START Data provided

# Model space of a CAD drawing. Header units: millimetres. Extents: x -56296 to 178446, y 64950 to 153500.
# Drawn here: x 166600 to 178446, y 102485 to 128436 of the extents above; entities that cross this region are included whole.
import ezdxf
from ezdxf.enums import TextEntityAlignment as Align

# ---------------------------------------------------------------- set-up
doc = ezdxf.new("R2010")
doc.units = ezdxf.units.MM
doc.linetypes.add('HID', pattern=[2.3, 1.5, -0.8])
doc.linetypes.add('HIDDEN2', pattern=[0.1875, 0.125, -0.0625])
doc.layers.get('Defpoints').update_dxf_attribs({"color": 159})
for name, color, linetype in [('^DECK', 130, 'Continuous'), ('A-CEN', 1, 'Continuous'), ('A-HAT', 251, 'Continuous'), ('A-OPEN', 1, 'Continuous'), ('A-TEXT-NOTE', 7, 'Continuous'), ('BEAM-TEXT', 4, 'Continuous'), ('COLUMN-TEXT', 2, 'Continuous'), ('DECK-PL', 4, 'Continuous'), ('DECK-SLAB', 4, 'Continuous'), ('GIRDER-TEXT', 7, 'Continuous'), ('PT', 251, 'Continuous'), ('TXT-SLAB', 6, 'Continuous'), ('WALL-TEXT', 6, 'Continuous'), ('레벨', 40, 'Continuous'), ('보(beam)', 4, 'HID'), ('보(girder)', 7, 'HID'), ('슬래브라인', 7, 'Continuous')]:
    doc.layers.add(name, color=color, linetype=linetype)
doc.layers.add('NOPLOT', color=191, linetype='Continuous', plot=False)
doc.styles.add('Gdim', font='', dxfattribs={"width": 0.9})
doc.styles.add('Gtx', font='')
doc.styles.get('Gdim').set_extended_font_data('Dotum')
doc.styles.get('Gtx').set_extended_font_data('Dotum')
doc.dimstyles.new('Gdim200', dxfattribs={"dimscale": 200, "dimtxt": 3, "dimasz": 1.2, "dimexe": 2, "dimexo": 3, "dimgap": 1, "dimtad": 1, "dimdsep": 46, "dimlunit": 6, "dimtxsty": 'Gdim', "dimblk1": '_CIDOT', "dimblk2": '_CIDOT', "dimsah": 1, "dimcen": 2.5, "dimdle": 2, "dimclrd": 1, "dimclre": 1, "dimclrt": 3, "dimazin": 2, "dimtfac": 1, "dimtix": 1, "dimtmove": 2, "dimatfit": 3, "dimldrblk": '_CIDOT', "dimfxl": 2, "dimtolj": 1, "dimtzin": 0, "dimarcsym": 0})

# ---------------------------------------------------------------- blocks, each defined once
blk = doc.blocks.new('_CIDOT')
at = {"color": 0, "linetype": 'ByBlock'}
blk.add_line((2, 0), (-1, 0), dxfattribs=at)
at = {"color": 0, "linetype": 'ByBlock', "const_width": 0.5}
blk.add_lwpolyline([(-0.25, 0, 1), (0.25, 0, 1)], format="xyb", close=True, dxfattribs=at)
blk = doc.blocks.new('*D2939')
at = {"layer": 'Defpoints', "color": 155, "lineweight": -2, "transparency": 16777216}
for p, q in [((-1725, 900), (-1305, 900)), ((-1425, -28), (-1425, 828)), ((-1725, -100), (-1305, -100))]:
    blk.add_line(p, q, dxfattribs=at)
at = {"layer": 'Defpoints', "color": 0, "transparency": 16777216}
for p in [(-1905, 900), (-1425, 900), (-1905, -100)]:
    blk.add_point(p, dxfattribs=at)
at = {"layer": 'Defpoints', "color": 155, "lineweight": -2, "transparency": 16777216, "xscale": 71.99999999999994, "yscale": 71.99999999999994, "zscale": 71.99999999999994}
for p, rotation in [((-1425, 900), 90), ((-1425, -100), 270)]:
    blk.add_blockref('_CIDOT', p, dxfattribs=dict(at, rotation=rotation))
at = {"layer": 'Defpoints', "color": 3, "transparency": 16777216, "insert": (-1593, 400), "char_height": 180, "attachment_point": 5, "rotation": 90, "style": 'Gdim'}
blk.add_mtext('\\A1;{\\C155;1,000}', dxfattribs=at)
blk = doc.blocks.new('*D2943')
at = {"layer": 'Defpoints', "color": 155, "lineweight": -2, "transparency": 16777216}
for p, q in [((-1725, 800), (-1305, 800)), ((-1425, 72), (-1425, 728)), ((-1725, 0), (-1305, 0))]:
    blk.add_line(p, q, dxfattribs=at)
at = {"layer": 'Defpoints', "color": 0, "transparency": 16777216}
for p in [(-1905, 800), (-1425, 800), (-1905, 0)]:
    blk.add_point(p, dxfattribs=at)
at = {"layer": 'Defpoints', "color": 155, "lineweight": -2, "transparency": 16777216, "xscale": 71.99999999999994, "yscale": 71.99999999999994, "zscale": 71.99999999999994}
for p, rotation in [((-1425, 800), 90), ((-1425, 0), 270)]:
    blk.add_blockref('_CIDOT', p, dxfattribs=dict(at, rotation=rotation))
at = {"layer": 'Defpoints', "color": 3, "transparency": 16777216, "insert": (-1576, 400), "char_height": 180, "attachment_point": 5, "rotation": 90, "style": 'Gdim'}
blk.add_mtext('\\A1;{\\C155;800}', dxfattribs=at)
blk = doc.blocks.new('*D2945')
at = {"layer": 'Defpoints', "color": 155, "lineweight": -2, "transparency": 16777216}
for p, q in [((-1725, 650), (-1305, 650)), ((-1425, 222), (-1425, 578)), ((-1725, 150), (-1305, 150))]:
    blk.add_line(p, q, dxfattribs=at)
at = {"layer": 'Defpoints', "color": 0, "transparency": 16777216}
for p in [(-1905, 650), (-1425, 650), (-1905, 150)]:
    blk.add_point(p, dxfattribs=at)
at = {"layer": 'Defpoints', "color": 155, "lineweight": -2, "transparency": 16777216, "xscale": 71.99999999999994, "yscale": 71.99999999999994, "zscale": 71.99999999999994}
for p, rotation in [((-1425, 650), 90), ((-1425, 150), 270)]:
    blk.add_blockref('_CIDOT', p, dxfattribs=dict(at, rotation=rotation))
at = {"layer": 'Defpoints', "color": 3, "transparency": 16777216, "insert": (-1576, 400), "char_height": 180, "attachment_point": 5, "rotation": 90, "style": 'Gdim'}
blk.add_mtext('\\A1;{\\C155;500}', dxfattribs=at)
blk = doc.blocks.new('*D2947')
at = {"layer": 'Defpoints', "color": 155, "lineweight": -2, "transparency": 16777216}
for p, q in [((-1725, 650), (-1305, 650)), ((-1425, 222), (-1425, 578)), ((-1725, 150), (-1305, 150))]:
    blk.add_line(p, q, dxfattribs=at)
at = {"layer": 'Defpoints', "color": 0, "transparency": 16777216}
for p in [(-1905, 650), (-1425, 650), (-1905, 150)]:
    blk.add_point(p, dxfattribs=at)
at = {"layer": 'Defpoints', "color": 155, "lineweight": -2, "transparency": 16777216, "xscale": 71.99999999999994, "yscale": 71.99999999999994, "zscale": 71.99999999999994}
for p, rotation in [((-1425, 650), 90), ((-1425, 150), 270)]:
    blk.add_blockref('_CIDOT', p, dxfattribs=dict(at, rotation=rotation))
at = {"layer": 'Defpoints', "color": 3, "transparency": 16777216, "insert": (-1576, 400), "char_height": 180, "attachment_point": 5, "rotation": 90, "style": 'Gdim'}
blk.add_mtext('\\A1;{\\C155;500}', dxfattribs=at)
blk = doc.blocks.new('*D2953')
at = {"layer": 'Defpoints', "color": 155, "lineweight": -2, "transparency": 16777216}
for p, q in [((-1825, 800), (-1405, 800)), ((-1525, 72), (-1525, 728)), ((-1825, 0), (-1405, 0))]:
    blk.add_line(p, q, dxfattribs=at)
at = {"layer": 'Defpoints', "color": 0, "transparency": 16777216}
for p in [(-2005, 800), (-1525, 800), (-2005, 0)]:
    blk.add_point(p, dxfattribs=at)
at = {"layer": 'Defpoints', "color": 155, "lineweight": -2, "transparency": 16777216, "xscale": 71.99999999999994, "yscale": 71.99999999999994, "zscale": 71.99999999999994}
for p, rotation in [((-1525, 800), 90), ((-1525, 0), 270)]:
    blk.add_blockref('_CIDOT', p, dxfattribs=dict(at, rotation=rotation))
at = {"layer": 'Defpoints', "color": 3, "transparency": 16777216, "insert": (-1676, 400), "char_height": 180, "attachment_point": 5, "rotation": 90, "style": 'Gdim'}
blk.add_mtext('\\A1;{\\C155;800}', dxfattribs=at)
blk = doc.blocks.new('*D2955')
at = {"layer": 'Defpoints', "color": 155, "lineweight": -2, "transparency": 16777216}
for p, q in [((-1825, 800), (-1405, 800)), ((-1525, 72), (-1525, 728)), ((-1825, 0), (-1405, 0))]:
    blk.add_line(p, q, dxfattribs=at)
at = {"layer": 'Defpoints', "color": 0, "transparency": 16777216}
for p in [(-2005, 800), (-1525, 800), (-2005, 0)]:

END Data provided

- Aim of the exercise -
Return a word-for-word copy of the lines above from the one holding "for name, color, linetype" through the one holding "doc.styles.get('Gdim').set_extended_font_data('Dotum')", with both of them included and nothing besides.

- Written solution -
for name, color, linetype in [('^DECK', 130, 'Continuous'), ('A-CEN', 1, 'Continuous'), ('A-HAT', 251, 'Continuous'), ('A-OPEN', 1, 'Continuous'), ('A-TEXT-NOTE', 7, 'Continuous'), ('BEAM-TEXT', 4, 'Continuous'), ('COLUMN-TEXT', 2, 'Continuous'), ('DECK-PL', 4, 'Continuous'), ('DECK-SLAB', 4, 'Continuous'), ('GIRDER-TEXT', 7, 'Continuous'), ('PT', 251, 'Continuous'), ('TXT-SLAB', 6, 'Continuous'), ('WALL-TEXT', 6, 'Continuous'), ('레벨', 40, 'Continuous'), ('보(beam)', 4, 'HID'), ('보(girder)', 7, 'HID'), ('슬래브라인', 7, 'Continuous')]:
    doc.layers.add(name, color=color, linetype=linetype)
doc.layers.add('NOPLOT', color=191, linetype='Continuous', plot=False)
doc.styles.add('Gdim', font='', dxfattribs={"width": 0.9})
doc.styles.add('Gtx', font='')
doc.styles.get('Gdim').set_extended_font_data('Dotum')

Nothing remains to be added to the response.